Posted by 管理人 on 12月 03, 2012
お知らせ

12月3日、人間・環境学研究科教員21名は、国立大学法人京都大学の江島義道監事に対し、「国際高等教育院」構想の手続き上の問題点について報告し、監査を請求いたしました。監査請求の概要については、以下の文章をご覧下さい。


「国際高等教育院」構想における手続き上の問題点:
人間・環境学研究科教員による監査請求要旨

 

「国際高等教育院」構想には、その内容上の問題点とは別に、見過ごすことのできない手続き上の問題点があります。11月26日の総長メール(2回目)においては、11月20日の「大学改革特別委員会」に提案されていない「教育院」構想の改編案が突如示されました。つまり、これまで一度も提示されたことのない全く新たな改編案が、特別委員会の決議も経ずに大学全教員に送付されたのです。これは、学内規程が不明なまま(下記「5」を参照)自ら設置した特別委員会さえも無視した極めて不適切な行為です。このようなことが許容されたなら、次にまたどのような形で一方的な改編案が提示されるかわかりません。加えて、このメールには、11月20日の大学改革特別委員会で決議できなかった「国際高等教育院」構想が「了承され」たという、事実に反する記述まで見られます。

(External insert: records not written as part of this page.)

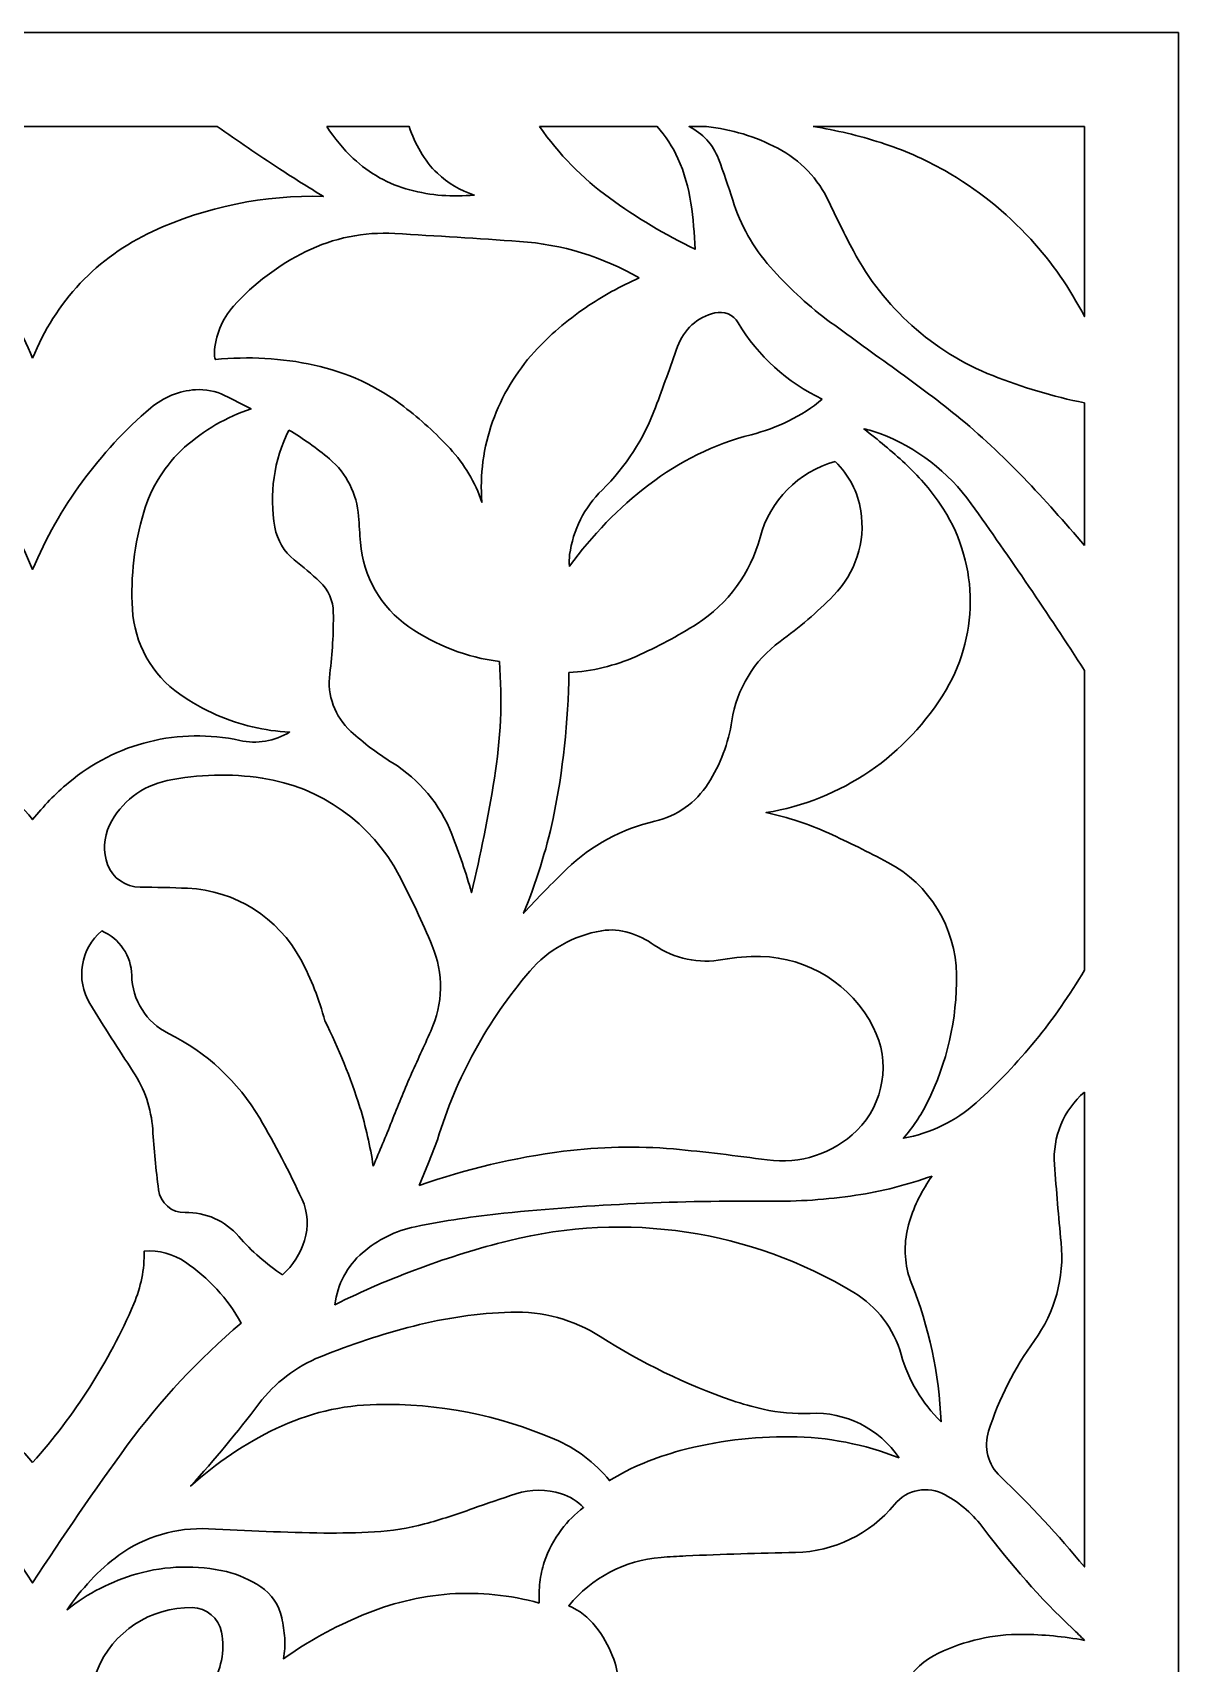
# Model space of a CAD drawing. Header units: centimetres. Extents: x 8 to 14.2, y -3.3 to 9.
# Drawn here: x 11.096 to 14.166, y 4.63 to 9.001 of the extents above; entities that cross this region are included whole.
import ezdxf

# ---------------------------------------------------------------- set-up
doc = ezdxf.new("R2010")
doc.units = ezdxf.units.CM
doc.header["$MEASUREMENT"] = 0
doc.layers.add('layer 1', color=7, linetype='Continuous')

msp = doc.modelspace()

# ---------------------------------------------------------------- linework, layer by layer
at = {"layer": 'layer 1', "color": 250, "lineweight": 30}
for points, knots in [([(8.02492, 9.00077), (8.02492, 9.00077), (14.16642, 9.00077), (14.16642, 9.00077), (14.16642, 9.00077), (14.16642, 9.00077), (14.16642, -3.2822), (14.16642, -3.2822), (14.16642, -3.2822), (14.16642, -3.2822), (8.02492, -3.2822), (8.02492, -3.2822), (8.02492, -3.2822), (8.02492, -3.2822), (8.02492, 9.00077), (8.02492, 9.00077)], [0, 0, 0, 0, 0.2, 0.2, 0.2, 0.2, 0.4, 0.4, 0.4, 0.4, 0.6, 0.6, 0.6, 0.6, 1, 1, 1, 1]), ([(11.09566, 8.12779), (11.03624, 8.27824), (10.9213, 8.4), (10.77445, 8.46787), (10.77445, 8.46787), (10.63098, 8.53421), (10.47413, 8.56628), (10.31614, 8.56155), (10.31614, 8.56155), (10.35596, 8.58576), (10.39539, 8.61059), (10.43444, 8.63603), (10.43444, 8.63603), (10.49058, 8.67276), (10.54608, 8.71045), (10.60093, 8.74908), (10.60093, 8.74908), (10.60093, 8.74908), (11.59042, 8.74908), (11.59042, 8.74908), (11.59042, 8.74908), (11.64525, 8.71043), (11.70077, 8.67276), (11.75691, 8.63603), (11.75691, 8.63603), (11.79595, 8.61059), (11.83539, 8.58576), (11.87522, 8.56155), (11.87522, 8.56155), (11.71722, 8.56627), (11.56036, 8.53421), (11.41688, 8.46787), (11.41688, 8.46787), (11.27006, 8.39996), (11.15506, 8.27826), (11.09566, 8.12779)], [0, 0, 0, 0, 0.1, 0.1, 0.1, 0.1, 0.2, 0.2, 0.2, 0.2, 0.3, 0.3, 0.3, 0.3, 0.4, 0.4, 0.4, 0.4, 0.5, 0.5, 0.5, 0.5, 0.6, 0.6, 0.6, 0.6, 0.7, 0.7, 0.7, 0.7, 0.8, 0.8, 0.8, 0.8, 1, 1, 1, 1]), ([(11.88391, 8.74908), (11.88391, 8.74908), (12.10486, 8.74908), (12.10486, 8.74908), (12.10486, 8.74908), (12.11265, 8.72569), (12.12274, 8.70313), (12.13498, 8.68174), (12.13498, 8.68174), (12.14728, 8.6603), (12.16258, 8.64073), (12.18045, 8.62366), (12.18045, 8.62366), (12.20869, 8.59719), (12.24245, 8.57734), (12.27929, 8.5655), (12.27929, 8.5655), (12.22137, 8.55954), (12.16279, 8.56415), (12.1065, 8.57911), (12.1065, 8.57911), (12.04978, 8.59417), (11.99774, 8.62325), (11.95519, 8.66364), (11.95519, 8.66364), (11.92819, 8.68926), (11.90427, 8.71794), (11.88391, 8.74908)], [0, 0, 0, 0, 0.125, 0.125, 0.125, 0.125, 0.25, 0.25, 0.25, 0.25, 0.375, 0.375, 0.375, 0.375, 0.5, 0.5, 0.5, 0.5, 0.625, 0.625, 0.625, 0.625, 0.75, 0.75, 0.75, 0.75, 1, 1, 1, 1]), ([(12.45431, 8.74908), (12.45431, 8.74908), (12.76952, 8.74908), (12.76952, 8.74908), (12.76952, 8.74908), (12.79221, 8.72333), (12.81101, 8.6944), (12.82533, 8.66321), (12.82533, 8.66321), (12.84233, 8.62525), (12.85399, 8.5851), (12.85997, 8.54393), (12.85997, 8.54393), (12.86593, 8.50293), (12.86972, 8.46164), (12.87131, 8.42024), (12.87131, 8.42024), (12.79066, 8.45889), (12.71371, 8.50487), (12.64145, 8.55758), (12.64145, 8.55758), (12.56884, 8.61053), (12.50558, 8.67528), (12.45431, 8.74908)], [0, 0, 0, 0, 0.1428571, 0.1428571, 0.1428571, 0.1428571, 0.2857143, 0.2857143, 0.2857143, 0.2857143, 0.4285714, 0.4285714, 0.4285714, 0.4285714, 0.5714286, 0.5714286, 0.5714286, 0.5714286, 0.7142857, 0.7142857, 0.7142857, 0.7142857, 1, 1, 1, 1]), ([(13.91473, 7.62584), (13.8622, 7.68827), (13.8077, 7.74901), (13.7513, 7.80796), (13.7513, 7.80796), (13.69487, 7.86696), (13.63499, 7.92253), (13.57197, 7.97442), (13.57197, 7.97442), (13.51547, 8.01939), (13.45782, 8.06289), (13.39907, 8.10486), (13.39907, 8.10486), (13.34021, 8.14692), (13.28165, 8.18937), (13.22337, 8.23224), (13.22337, 8.23224), (13.1687, 8.27386), (13.11827, 8.3208), (13.07283, 8.37233), (13.07283, 8.37233), (13.02699, 8.42431), (12.9926, 8.48538), (12.9719, 8.55152), (12.9719, 8.55152), (12.96023, 8.58882), (12.94753, 8.62581), (12.93379, 8.6624), (12.93379, 8.6624), (12.91954, 8.70034), (12.89129, 8.73136), (12.85484, 8.74908), (12.85484, 8.74908), (12.85484, 8.74908), (12.9017, 8.74908), (12.9017, 8.74908), (12.9017, 8.74908), (12.9684, 8.74187), (13.03316, 8.72217), (13.09257, 8.691), (13.09257, 8.691), (13.15304, 8.65927), (13.20144, 8.60854), (13.23028, 8.54663), (13.23028, 8.54663), (13.25082, 8.50254), (13.27252, 8.45898), (13.29533, 8.41602), (13.29533, 8.41602), (13.37625, 8.26369), (13.50853, 8.1451), (13.66881, 8.08136), (13.66881, 8.08136), (13.74842, 8.04968), (13.83072, 8.02526), (13.91473, 8.0084), (13.91473, 8.0084), (13.91473, 8.0084), (13.91473, 7.62584), (13.91473, 7.62584)], [0, 0, 0, 0, 0.0625, 0.0625, 0.0625, 0.0625, 0.125, 0.125, 0.125, 0.125, 0.1875, 0.1875, 0.1875, 0.1875, 0.25, 0.25, 0.25, 0.25, 0.3125, 0.3125, 0.3125, 0.3125, 0.375, 0.375, 0.375, 0.375, 0.4375, 0.4375, 0.4375, 0.4375, 0.5, 0.5, 0.5, 0.5, 0.5625, 0.5625, 0.5625, 0.5625, 0.625, 0.625, 0.625, 0.625, 0.6875, 0.6875, 0.6875, 0.6875, 0.75, 0.75, 0.75, 0.75, 0.8125, 0.8125, 0.8125, 0.8125, 0.875, 0.875, 0.875, 0.875, 1, 1, 1, 1]), ([(13.18735, 8.74908), (13.18735, 8.74908), (13.91473, 8.74908), (13.91473, 8.74908), (13.91473, 8.74908), (13.91473, 8.74908), (13.91473, 8.23968), (13.91473, 8.23968), (13.91473, 8.23968), (13.87606, 8.31484), (13.82759, 8.38451), (13.77058, 8.4469), (13.77058, 8.4469), (13.70388, 8.5199), (13.62622, 8.58204), (13.54036, 8.63108), (13.54036, 8.63108), (13.48592, 8.66166), (13.42856, 8.68669), (13.3691, 8.70579), (13.3691, 8.70579), (13.30971, 8.72486), (13.24896, 8.73934), (13.18735, 8.74908)], [0, 0, 0, 0, 0.1428571, 0.1428571, 0.1428571, 0.1428571, 0.2857143, 0.2857143, 0.2857143, 0.2857143, 0.4285714, 0.4285714, 0.4285714, 0.4285714, 0.5714286, 0.5714286, 0.5714286, 0.5714286, 0.7142857, 0.7142857, 0.7142857, 0.7142857, 1, 1, 1, 1]), ([(12.72154, 8.34305), (12.62358, 8.39991), (12.5139, 8.43349), (12.40087, 8.44118), (12.40087, 8.44118), (12.28934, 8.44877), (12.17778, 8.45582), (12.06618, 8.46232), (12.06618, 8.46232), (11.98396, 8.46709), (11.90194, 8.4505), (11.82807, 8.4141), (11.82807, 8.4141), (11.75475, 8.37799), (11.68901, 8.32824), (11.63434, 8.26749), (11.63434, 8.26749), (11.60308, 8.23273), (11.58486, 8.18823), (11.58282, 8.14151), (11.58282, 8.14151), (11.58256, 8.13572), (11.58348, 8.12994), (11.58551, 8.1245), (11.58551, 8.1245), (11.67396, 8.13346), (11.76331, 8.12845), (11.85021, 8.10968), (11.85021, 8.10968), (11.93763, 8.09079), (12.01981, 8.05273), (12.09078, 7.99827), (12.09078, 7.99827), (12.13504, 7.96429), (12.17636, 7.92664), (12.21434, 7.88574), (12.21434, 7.88574), (12.25266, 7.84446), (12.28177, 7.79547), (12.29973, 7.74209), (12.29973, 7.74209), (12.29404, 7.8153), (12.30383, 7.88892), (12.32843, 7.95811), (12.32843, 7.95811), (12.35299, 8.02722), (12.39104, 8.09079), (12.44032, 8.14512), (12.44032, 8.14512), (12.48142, 8.18943), (12.52732, 8.22904), (12.57717, 8.26321), (12.57717, 8.26321), (12.62262, 8.29439), (12.67099, 8.32111), (12.72154, 8.34305)], [0, 0, 0, 0, 0.0666667, 0.0666667, 0.0666667, 0.0666667, 0.1333333, 0.1333333, 0.1333333, 0.1333333, 0.2, 0.2, 0.2, 0.2, 0.2666667, 0.2666667, 0.2666667, 0.2666667, 0.3333333, 0.3333333, 0.3333333, 0.3333333, 0.4, 0.4, 0.4, 0.4, 0.4666667, 0.4666667, 0.4666667, 0.4666667, 0.5333333, 0.5333333, 0.5333333, 0.5333333, 0.6, 0.6, 0.6, 0.6, 0.6666667, 0.6666667, 0.6666667, 0.6666667, 0.7333333, 0.7333333, 0.7333333, 0.7333333, 0.8, 0.8, 0.8, 0.8, 0.8666667, 0.8666667, 0.8666667, 0.8666667, 1, 1, 1, 1]), ([(13.21208, 8.01822), (13.11809, 8.06241), (13.03948, 8.13386), (12.98651, 8.2232), (12.98651, 8.2232), (12.97365, 8.24486), (12.94816, 8.25556), (12.9237, 8.24952), (12.9237, 8.24952), (12.87755, 8.23814), (12.84024, 8.20437), (12.82434, 8.15958), (12.82434, 8.15958), (12.80495, 8.105), (12.78522, 8.05053), (12.76513, 7.99622), (12.76513, 7.99622), (12.73428, 7.91275), (12.68531, 7.83712), (12.62181, 7.77478), (12.62181, 7.77478), (12.57444, 7.72827), (12.54388, 7.66737), (12.53498, 7.60159), (12.53498, 7.60159), (12.53357, 7.59123), (12.53339, 7.58073), (12.53445, 7.57031), (12.53445, 7.57031), (12.59463, 7.653), (12.66636, 7.72665), (12.74742, 7.78903), (12.74742, 7.78903), (12.82886, 7.8517), (12.92216, 7.8973), (13.02167, 7.92307), (13.02167, 7.92307), (13.05631, 7.93205), (13.08998, 7.94444), (13.12215, 7.96008), (13.12215, 7.96008), (13.15438, 7.97576), (13.18457, 7.99528), (13.21208, 8.01824)], [0, 0, 0, 0, 0.0833333, 0.0833333, 0.0833333, 0.0833333, 0.1666667, 0.1666667, 0.1666667, 0.1666667, 0.25, 0.25, 0.25, 0.25, 0.3333333, 0.3333333, 0.3333333, 0.3333333, 0.4166667, 0.4166667, 0.4166667, 0.4166667, 0.5, 0.5, 0.5, 0.5, 0.5833333, 0.5833333, 0.5833333, 0.5833333, 0.6666667, 0.6666667, 0.6666667, 0.6666667, 0.75, 0.75, 0.75, 0.75, 0.8333333, 0.8333333, 0.8333333, 0.8333333, 1, 1, 1, 1]), ([(10.51006, 7.99193), (10.5412, 8.00893), (10.57369, 8.0233), (10.60722, 8.03492), (10.60722, 8.03492), (10.64191, 8.04695), (10.67993, 8.04514), (10.71334, 8.02993), (10.71334, 8.02993), (10.76868, 8.00471), (10.8186, 7.96891), (10.8602, 7.92456), (10.8602, 7.92456), (10.95965, 7.81859), (11.0394, 7.69568), (11.09566, 7.56171), (11.09566, 7.56171), (11.16587, 7.72884), (11.27437, 7.87724), (11.41232, 7.99486), (11.41232, 7.99486), (11.44597, 8.02355), (11.488, 8.04064), (11.53213, 8.04357), (11.53213, 8.04357), (11.55908, 8.04535), (11.58605, 8.04011), (11.61037, 8.02837), (11.61037, 8.02837), (11.63431, 8.01681), (11.65796, 8.00466), (11.68128, 7.99193), (11.68128, 7.99193), (11.61531, 7.97062), (11.55462, 7.93564), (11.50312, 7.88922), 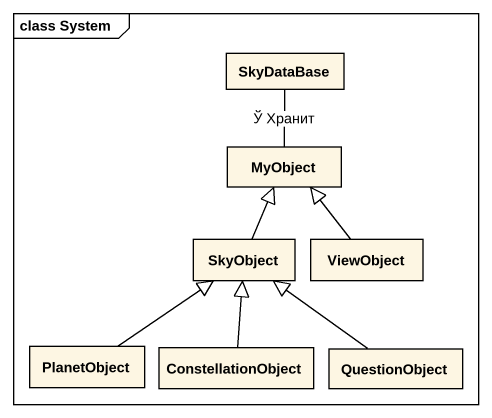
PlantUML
@startuml
mainframe class System
hide circle
hide empty members
class SkyDataBase
class MyObject
class SkyObject
class ViewObject
class PlanetObject
class ConstellationObject
class QuestionObject
MyObject -up- SkyDataBase : Ў Хранит
SkyObject -up-|> MyObject
ViewObject -up-|> MyObject
PlanetObject -up-|> SkyObject
ConstellationObject -up-|> SkyObject
QuestionObject -up-|> SkyObject
@enduml

9月20日の総長メール(1回目)にも、同様の手続き上の問題点が含まれていました。以下において、その主たる点を指摘したいと思います。(以下に述べる「参考資料」は、9月20日の総長メールに添付された「別紙」記載のものです。)

1 参考資料1およびは2009年11月に設置された「学士課程における教養・共通教育検討会」、同「作業部会」による報告書ですが、これは京都大学規程になんら定めのない検討会です。全学共通教育についての重要事項の検討は、「京都大学における全学共通教育の実施に関する規程」(全34条、以下「規程」)第5条・第6条に定めるように、本来「全学共通教育委員会」(委員長は高等教育研究開発推進機構長)が行うべきものですから、これらの報告書は上記「規程」に抵触しています。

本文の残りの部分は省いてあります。